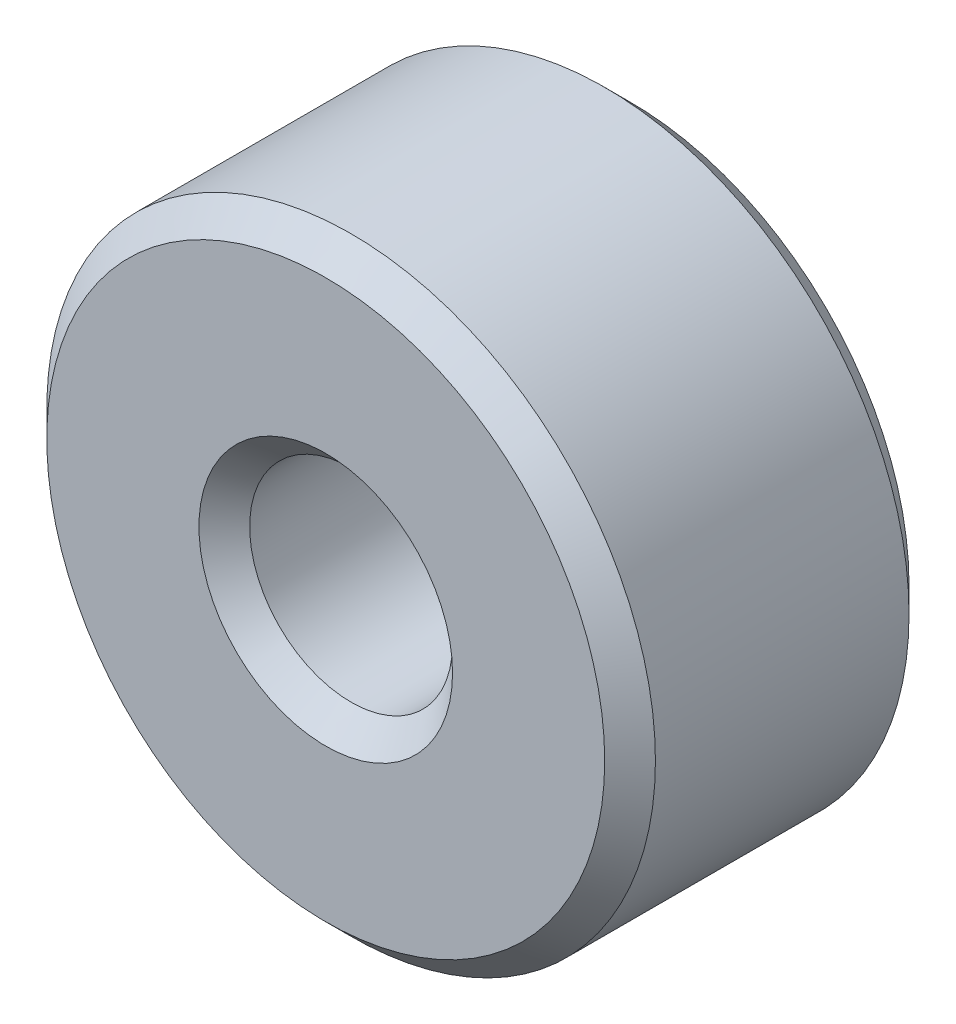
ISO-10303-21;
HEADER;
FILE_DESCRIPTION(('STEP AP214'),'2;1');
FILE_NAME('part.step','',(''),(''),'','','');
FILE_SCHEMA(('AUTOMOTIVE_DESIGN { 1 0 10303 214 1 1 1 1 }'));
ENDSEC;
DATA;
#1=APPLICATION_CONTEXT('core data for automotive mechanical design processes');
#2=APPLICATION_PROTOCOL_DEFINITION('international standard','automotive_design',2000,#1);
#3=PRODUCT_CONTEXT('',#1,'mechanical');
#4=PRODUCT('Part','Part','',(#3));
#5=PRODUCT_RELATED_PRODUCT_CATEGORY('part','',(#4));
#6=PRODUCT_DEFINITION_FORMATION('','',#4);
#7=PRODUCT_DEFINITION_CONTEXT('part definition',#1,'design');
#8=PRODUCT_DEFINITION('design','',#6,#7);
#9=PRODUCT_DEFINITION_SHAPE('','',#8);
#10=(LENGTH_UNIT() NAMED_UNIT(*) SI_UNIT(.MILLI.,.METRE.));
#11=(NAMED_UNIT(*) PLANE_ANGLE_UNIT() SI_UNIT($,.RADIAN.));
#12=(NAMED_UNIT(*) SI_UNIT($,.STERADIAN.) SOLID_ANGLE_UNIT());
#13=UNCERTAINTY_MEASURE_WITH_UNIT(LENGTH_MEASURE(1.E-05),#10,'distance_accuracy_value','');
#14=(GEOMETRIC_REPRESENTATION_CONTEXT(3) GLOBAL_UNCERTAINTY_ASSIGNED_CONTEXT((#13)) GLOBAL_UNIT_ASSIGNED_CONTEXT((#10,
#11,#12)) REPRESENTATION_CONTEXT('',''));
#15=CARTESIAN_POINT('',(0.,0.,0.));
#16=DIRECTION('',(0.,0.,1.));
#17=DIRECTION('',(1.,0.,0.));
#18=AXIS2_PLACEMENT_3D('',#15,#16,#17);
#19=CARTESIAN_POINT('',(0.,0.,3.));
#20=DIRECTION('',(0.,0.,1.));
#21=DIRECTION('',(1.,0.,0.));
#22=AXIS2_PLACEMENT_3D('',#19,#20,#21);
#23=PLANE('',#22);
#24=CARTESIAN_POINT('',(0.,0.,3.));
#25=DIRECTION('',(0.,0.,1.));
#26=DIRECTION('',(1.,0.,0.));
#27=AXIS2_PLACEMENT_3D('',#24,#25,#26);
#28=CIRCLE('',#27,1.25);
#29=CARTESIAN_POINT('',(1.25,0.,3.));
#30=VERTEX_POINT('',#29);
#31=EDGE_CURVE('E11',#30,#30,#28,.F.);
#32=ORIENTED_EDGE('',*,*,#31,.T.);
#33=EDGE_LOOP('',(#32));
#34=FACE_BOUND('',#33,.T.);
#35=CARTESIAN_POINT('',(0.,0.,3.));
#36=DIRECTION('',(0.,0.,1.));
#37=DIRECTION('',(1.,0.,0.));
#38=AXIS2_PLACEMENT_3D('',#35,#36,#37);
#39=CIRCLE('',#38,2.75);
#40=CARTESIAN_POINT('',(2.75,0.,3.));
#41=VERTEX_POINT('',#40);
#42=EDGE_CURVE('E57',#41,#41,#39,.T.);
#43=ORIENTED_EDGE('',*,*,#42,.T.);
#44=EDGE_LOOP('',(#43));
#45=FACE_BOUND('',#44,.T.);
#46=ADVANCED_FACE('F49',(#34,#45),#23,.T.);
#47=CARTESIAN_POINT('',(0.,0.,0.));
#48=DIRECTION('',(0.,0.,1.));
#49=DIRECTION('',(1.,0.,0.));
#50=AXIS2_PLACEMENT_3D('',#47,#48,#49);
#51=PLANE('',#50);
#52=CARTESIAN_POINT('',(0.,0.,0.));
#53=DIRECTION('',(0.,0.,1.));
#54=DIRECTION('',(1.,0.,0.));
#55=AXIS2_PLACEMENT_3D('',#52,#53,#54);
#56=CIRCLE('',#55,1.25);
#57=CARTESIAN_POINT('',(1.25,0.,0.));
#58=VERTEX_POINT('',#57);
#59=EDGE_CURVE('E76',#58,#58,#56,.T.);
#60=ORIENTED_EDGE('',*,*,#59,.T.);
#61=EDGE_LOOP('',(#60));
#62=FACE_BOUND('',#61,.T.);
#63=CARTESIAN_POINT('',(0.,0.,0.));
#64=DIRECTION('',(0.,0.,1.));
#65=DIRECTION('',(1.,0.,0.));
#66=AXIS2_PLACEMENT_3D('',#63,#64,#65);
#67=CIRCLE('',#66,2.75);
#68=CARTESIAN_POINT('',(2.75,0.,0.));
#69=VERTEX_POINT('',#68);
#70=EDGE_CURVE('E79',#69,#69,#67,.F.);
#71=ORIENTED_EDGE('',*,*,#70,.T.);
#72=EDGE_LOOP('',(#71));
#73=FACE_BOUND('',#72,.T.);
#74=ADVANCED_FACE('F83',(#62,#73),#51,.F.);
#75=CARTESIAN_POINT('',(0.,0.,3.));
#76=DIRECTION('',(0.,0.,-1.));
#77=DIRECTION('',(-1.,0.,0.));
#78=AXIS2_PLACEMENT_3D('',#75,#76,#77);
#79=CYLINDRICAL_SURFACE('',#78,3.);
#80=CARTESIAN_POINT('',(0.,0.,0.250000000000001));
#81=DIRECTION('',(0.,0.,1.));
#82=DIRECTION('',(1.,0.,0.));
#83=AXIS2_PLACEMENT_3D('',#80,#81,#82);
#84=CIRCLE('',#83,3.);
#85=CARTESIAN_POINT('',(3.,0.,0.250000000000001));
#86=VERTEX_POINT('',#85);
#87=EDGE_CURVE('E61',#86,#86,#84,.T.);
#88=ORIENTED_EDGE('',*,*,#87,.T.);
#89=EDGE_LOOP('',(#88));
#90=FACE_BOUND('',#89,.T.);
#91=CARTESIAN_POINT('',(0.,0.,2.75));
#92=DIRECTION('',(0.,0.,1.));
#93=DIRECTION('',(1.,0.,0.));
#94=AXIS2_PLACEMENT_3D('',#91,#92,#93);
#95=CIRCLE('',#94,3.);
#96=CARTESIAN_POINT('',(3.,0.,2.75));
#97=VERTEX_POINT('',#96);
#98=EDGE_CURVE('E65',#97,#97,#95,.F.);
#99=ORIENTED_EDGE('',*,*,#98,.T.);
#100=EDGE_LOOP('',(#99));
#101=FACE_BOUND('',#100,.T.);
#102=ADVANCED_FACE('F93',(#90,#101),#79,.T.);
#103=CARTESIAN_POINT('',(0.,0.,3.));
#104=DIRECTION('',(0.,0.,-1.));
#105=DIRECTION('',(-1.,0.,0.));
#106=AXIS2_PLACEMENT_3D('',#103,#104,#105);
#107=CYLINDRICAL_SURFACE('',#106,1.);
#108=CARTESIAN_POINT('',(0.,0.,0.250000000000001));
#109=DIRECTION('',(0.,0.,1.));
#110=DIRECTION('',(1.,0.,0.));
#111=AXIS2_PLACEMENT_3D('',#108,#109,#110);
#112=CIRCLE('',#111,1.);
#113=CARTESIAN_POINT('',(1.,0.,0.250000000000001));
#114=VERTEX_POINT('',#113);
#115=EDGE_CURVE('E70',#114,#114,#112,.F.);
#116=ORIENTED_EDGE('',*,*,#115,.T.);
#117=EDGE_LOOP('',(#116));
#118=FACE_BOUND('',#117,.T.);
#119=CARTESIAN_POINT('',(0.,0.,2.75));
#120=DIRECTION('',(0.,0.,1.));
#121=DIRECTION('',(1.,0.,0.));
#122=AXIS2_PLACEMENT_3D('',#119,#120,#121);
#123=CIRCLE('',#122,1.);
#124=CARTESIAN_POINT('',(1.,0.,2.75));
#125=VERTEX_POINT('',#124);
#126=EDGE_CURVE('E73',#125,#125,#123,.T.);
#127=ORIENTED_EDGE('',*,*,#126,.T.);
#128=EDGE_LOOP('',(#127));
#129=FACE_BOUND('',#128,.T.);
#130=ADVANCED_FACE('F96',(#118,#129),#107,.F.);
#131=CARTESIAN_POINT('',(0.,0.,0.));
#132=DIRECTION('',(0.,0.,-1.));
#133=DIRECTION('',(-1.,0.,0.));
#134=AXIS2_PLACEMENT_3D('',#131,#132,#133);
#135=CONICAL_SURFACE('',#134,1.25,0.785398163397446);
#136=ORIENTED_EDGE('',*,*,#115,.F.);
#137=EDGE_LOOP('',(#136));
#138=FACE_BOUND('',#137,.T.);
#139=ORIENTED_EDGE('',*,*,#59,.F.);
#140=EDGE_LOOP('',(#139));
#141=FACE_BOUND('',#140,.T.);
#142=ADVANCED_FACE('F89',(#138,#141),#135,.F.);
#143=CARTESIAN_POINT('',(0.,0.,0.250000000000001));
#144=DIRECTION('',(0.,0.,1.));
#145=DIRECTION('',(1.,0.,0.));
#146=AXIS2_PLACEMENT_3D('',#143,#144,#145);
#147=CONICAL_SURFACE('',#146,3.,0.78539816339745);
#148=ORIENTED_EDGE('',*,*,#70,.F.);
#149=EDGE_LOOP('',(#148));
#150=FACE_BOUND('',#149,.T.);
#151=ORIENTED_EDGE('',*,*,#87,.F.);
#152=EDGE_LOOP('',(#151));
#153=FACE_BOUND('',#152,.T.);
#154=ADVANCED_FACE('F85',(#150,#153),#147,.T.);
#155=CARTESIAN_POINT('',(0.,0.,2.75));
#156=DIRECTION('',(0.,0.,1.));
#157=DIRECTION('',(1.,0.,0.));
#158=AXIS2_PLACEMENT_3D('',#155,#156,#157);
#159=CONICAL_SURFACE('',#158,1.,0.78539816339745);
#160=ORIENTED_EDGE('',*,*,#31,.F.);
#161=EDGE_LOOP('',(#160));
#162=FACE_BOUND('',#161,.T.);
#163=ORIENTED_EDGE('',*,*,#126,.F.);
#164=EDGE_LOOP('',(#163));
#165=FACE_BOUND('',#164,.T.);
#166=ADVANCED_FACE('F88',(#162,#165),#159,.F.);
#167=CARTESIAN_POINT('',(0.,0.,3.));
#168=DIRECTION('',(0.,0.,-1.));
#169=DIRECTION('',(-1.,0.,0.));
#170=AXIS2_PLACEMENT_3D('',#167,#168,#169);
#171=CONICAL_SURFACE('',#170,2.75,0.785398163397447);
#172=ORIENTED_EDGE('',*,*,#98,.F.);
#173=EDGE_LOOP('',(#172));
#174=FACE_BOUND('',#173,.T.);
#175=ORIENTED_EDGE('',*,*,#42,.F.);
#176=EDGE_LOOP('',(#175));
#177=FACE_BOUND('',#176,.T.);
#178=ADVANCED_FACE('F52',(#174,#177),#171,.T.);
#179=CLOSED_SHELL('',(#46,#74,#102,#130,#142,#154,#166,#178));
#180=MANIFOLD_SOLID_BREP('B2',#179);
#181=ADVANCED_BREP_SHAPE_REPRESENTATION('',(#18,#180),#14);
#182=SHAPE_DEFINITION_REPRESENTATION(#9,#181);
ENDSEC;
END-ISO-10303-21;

### ASSIGNMENT
Please return only the lines above, starting at the line that has "#100=EDGE_LOOP('',(#99));" and ending at the line that has "#108=CARTESIAN_POINT('',(0.,0.,0.250000000000001));", keeping both and leaving each one unchanged.

### THE ANSWER
#100=EDGE_LOOP('',(#99));
#101=FACE_BOUND('',#100,.T.);
#102=ADVANCED_FACE('F93',(#90,#101),#79,.T.);
#103=CARTESIAN_POINT('',(0.,0.,3.));
#104=DIRECTION('',(0.,0.,-1.));
#105=DIRECTION('',(-1.,0.,0.));
#106=AXIS2_PLACEMENT_3D('',#103,#104,#105);
#107=CYLINDRICAL_SURFACE('',#106,1.);
#108=CARTESIAN_POINT('',(0.,0.,0.250000000000001));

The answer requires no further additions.